EXERCISE DIRECTIONS
An exact copy of the data is needed, one that excludes all pictures.

PROVIDED MATERIAL
·····
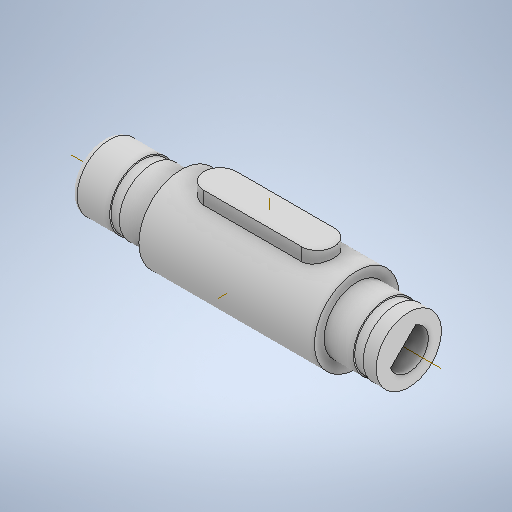
# Autodesk Inventor part: Shaft between link2 and 3
Saved by Autodesk Inventor 2025.2 (Build 292293000, 293)
## iProperties
Created: 2025-03-05
Part Number: Shaft between link2 and 3
Material: Generic
Document SubType Name: Modeling
Designer: abdal
Density: 1 g/cm^3
Appearance: Default
Author: abdal
Autodesk Inventor part; units mm, degrees
ref_plane "YZ Plane" through (0, 0, 0) normal (1, 0, 0) x (0, 1, 0)
ref_plane "XZ Plane" through (0, 0, 0) normal (0, 1, 0) x (-1, 0, 0)
sketch "Sketch1" plane through (0, 0, 0) normal (1, 0, 0) x (0, 1, 0)
  circle A0 centre (0, 0) radius 6.5
  dimension "d0" = 13
  constraints: 1 centre point, 1 coincident
  measures "d0" diameter of A0
extrude "Extrusion1" add sketch "Sketch1" along normal mid plane 27
sketch "Sketch2" plane through (13.5, 0, 0) normal (1, 0, 0) x (0, 0, -1)
  circle A0 centre (0, 0) radius 5
  dimension "d3" = 10
  constraints: 1 centre point, 1 coincident
  measures "d3" diameter of A0
extrude "Extrusion2" add sketch "Sketch2" along normal blind 12
ref_plane "Work Plane1" through (18, 0, 0) normal (1, 0, 0) x (0, 0, -1)
sketch "Sketch3" plane through (18, 0, 0) normal (1, 0, 0) x (0, 0, -1)
  circle A0 centre (0, 0) radius 4.8
  circle A1 centre (0, 0) radius 5 projected
  dimension "d8" = 9.6
  constraints: 1 centre point, 1 coincident
  measures "d8" diameter of A0
extrude "Extrusion3" cut sketch "Sketch3" along normal blind 1.5
mirror "Mirror1" about plane through (0, 0, 0) normal (1, 0, 0) of "Extrusion2", "Extrusion3"
sketch "Sketch4" plane through (0, 0, 0) normal (0, 1, 0) x (-1, 0, 0)
  line L0 (7.5, 0) -> (-7.5, 0) construction
  line L1 (7.5, -2.5) -> (-7.5, -2.5)
  line L2 (-7.5, 2.5) -> (7.5, 2.5)
  arc A0 (7.5, -2.5) -> (7.5, 2.5) centre (7.5, 0) ccw
  arc A1 (-7.5, 2.5) -> (-7.5, -2.5) centre (-7.5, 0) ccw
  point P0 (0, 0)
  point P1 (0, 0)
  point P2 (10, 0)
  point P3 (-10, 0)
  dimension "d11" = 5
  dimension "d12" = 20
  dimension "d13" = 10
  dimension "d14" = 0
  constraints: 8 end point, 6 point on circle, 4 tangent, 2 centre point, 1 horizontal, 1 midpoint, 1 parallel
  measures "d11" distance between parallel lines of L1 L2
  measures "d12" distance of point (10, 0) point (-10, 0)
  measures "d13" distance of point (10, 0) point (0, 0)
  measures "d14" distance of point (0, 0) point (0, 0)
extrude "Extrusion4" add sketch "Sketch4" along normal blind 8
fillet "Fillet2" radius 1 1 edges at (-25.5, 0, 5)
sketch "Sketch6" plane through (25.5, 0, 0) normal (1, 0, 0) x (0, 0, -1)
  circle A0 centre (0, 0) radius 5 projected
extrude "Extrusion6" add sketch "Sketch6" along normal blind 2
sketch "Sketch8" plane through (27.5, 0, 0) normal (1, 0, 0) x (0, 0, -1)
  circle A0 centre (0, 0) radius 3
  line L0 (1.0445, 2.8123) -> (-2.8123, -1.0445)
  line L1 (-2.1213, -2.1213) -> (4.9809, 4.9809)
  line L2 (9.1, 0) -> (-9.1, 0) projected
  point P0 (-0.8839, 0.8839)
  dimension "d30" = 6
  dimension "d31" = 45
  dimension "d32" = 1.25
  constraints: 4 end point, 3 point on circle, 1 centre point, 1 coincident, 1 midpoint, 1 parallel, 1 point on line
  measures "d30" diameter of A0
  measures "d31" angle of L2 L1
  measures "d32" distance of point (0, 0) point (-0.884, 0.884)
extrude "Extrusion8" cut sketch "Sketch8" against normal blind 10.6 contours L0 L2 L1 A0 | L1 L2 A0 | L0 A0 L1 L2 | L2 L1 A0
sketch "Sketch9" plane through (27.5, 0, 0) normal (1, 0, 0) x (0, 0, -1)
  arc A0 (-2.8123, -1.0445) -> (1.0445, 2.8123) centre (0, 0) ccw projected
  line L0 (-2.8123, -1.0445) -> (1.0445, 2.8123) projected
  circle A1 centre (0, 0) radius 5 projected
extrude "Extrusion9" cut sketch "Sketch9" against normal blind 4.6
sketch "Sketch10" plane through (22.9, 0, 0) normal (1, 0, 0) x (0, 0, -1)
  circle A0 centre (0, 0) radius 5 projected
  line L0 (1.0445, 2.8123) -> (-2.8123, -1.0445) projected
  arc A1 (-2.8123, -1.0445) -> (1.0445, 2.8123) centre (0, 0) ccw projected
extrude "Extrusion10" cut sketch "Sketch10" against normal blind 1.4
sketch "Sketch11" plane through (16.9, 0, 0) normal (1, 0, 0) x (0, 0, -1)
  line L0 (-2.8123, -1.0445) -> (1.0445, 2.8123) projected
  arc A0 (-2.8123, -1.0445) -> (1.0445, 2.8123) centre (0, 0) ccw projected
extrude "Extrusion11" cut sketch "Sketch11" against normal up to surface (3.4 mm away)
body "Solid1"
·····
PROBLEM SOLUTION
# Autodesk Inventor part: Shaft between link2 and 3
Saved by Autodesk Inventor 2025.2 (Build 292293000, 293)
## iProperties
Created: 2025-03-05
Part Number: Shaft between link2 and 3
Material: Generic
Document SubType Name: Modeling
Designer: abdal
Density: 1 g/cm^3
Appearance: Default
Author: abdal
Autodesk Inventor part; units mm, degrees
ref_plane "YZ Plane" through (0, 0, 0) normal (1, 0, 0) x (0, 1, 0)
ref_plane "XZ Plane" through (0, 0, 0) normal (0, 1, 0) x (-1, 0, 0)
sketch "Sketch1" plane through (0, 0, 0) normal (1, 0, 0) x (0, 1, 0)
  circle A0 centre (0, 0) radius 6.5
  dimension "d0" = 13
  constraints: 1 centre point, 1 coincident
  measures "d0" diameter of A0
extrude "Extrusion1" add sketch "Sketch1" along normal mid plane 27
sketch "Sketch2" plane through (13.5, 0, 0) normal (1, 0, 0) x (0, 0, -1)
  circle A0 centre (0, 0) radius 5
  dimension "d3" = 10
  constraints: 1 centre point, 1 coincident
  measures "d3" diameter of A0
extrude "Extrusion2" add sketch "Sketch2" along normal blind 12
ref_plane "Work Plane1" through (18, 0, 0) normal (1, 0, 0) x (0, 0, -1)
sketch "Sketch3" plane through (18, 0, 0) normal (1, 0, 0) x (0, 0, -1)
  circle A0 centre (0, 0) radius 4.8
  circle A1 centre (0, 0) radius 5 projected
  dimension "d8" = 9.6
  constraints: 1 centre point, 1 coincident
  measures "d8" diameter of A0
extrude "Extrusion3" cut sketch "Sketch3" along normal blind 1.5
mirror "Mirror1" about plane through (0, 0, 0) normal (1, 0, 0) of "Extrusion2", "Extrusion3"
sketch "Sketch4" plane through (0, 0, 0) normal (0, 1, 0) x (-1, 0, 0)
  line L0 (7.5, 0) -> (-7.5, 0) construction
  line L1 (7.5, -2.5) -> (-7.5, -2.5)
  line L2 (-7.5, 2.5) -> (7.5, 2.5)
  arc A0 (7.5, -2.5) -> (7.5, 2.5) centre (7.5, 0) ccw
  arc A1 (-7.5, 2.5) -> (-7.5, -2.5) centre (-7.5, 0) ccw
  point P0 (0, 0)
  point P1 (0, 0)
  point P2 (10, 0)
  point P3 (-10, 0)
  dimension "d11" = 5
  dimension "d12" = 20
  dimension "d13" = 10
  dimension "d14" = 0
  constraints: 8 end point, 6 point on circle, 4 tangent, 2 centre point, 1 horizontal, 1 midpoint, 1 parallel
  measures "d11" distance between parallel lines of L1 L2
  measures "d12" distance of point (10, 0) point (-10, 0)
  measures "d13" distance of point (10, 0) point (0, 0)
  measures "d14" distance of point (0, 0) point (0, 0)
extrude "Extrusion4" add sketch "Sketch4" along normal blind 8
fillet "Fillet2" radius 1 1 edges at (-25.5, 0, 5)
sketch "Sketch6" plane through (25.5, 0, 0) normal (1, 0, 0) x (0, 0, -1)
  circle A0 centre (0, 0) radius 5 projected
extrude "Extrusion6" add sketch "Sketch6" along normal blind 2
sketch "Sketch8" plane through (27.5, 0, 0) normal (1, 0, 0) x (0, 0, -1)
  circle A0 centre (0, 0) radius 3
  line L0 (1.0445, 2.8123) -> (-2.8123, -1.0445)
  line L1 (-2.1213, -2.1213) -> (4.9809, 4.9809)
  line L2 (9.1, 0) -> (-9.1, 0) projected
  point P0 (-0.8839, 0.8839)
  dimension "d30" = 6
  dimension "d31" = 45
  dimension "d32" = 1.25
  constraints: 4 end point, 3 point on circle, 1 centre point, 1 coincident, 1 midpoint, 1 parallel, 1 point on line
  measures "d30" diameter of A0
  measures "d31" angle of L2 L1
  measures "d32" distance of point (0, 0) point (-0.884, 0.884)
extrude "Extrusion8" cut sketch "Sketch8" against normal blind 10.6 contours L0 L2 L1 A0 | L1 L2 A0 | L0 A0 L1 L2 | L2 L1 A0
sketch "Sketch9" plane through (27.5, 0, 0) normal (1, 0, 0) x (0, 0, -1)
  arc A0 (-2.8123, -1.0445) -> (1.0445, 2.8123) centre (0, 0) ccw projected
  line L0 (-2.8123, -1.0445) -> (1.0445, 2.8123) projected
  circle A1 centre (0, 0) radius 5 projected
extrude "Extrusion9" cut sketch "Sketch9" against normal blind 4.6
sketch "Sketch10" plane through (22.9, 0, 0) normal (1, 0, 0) x (0, 0, -1)
  circle A0 centre (0, 0) radius 5 projected
  line L0 (1.0445, 2.8123) -> (-2.8123, -1.0445) projected
  arc A1 (-2.8123, -1.0445) -> (1.0445, 2.8123) centre (0, 0) ccw projected
extrude "Extrusion10" cut sketch "Sketch10" against normal blind 1.4
sketch "Sketch11" plane through (16.9, 0, 0) normal (1, 0, 0) x (0, 0, -1)
  line L0 (-2.8123, -1.0445) -> (1.0445, 2.8123) projected
  arc A0 (-2.8123, -1.0445) -> (1.0445, 2.8123) centre (0, 0) ccw projected
extrude "Extrusion11" cut sketch "Sketch11" against normal up to surface (3.4 mm away)
body "Solid1"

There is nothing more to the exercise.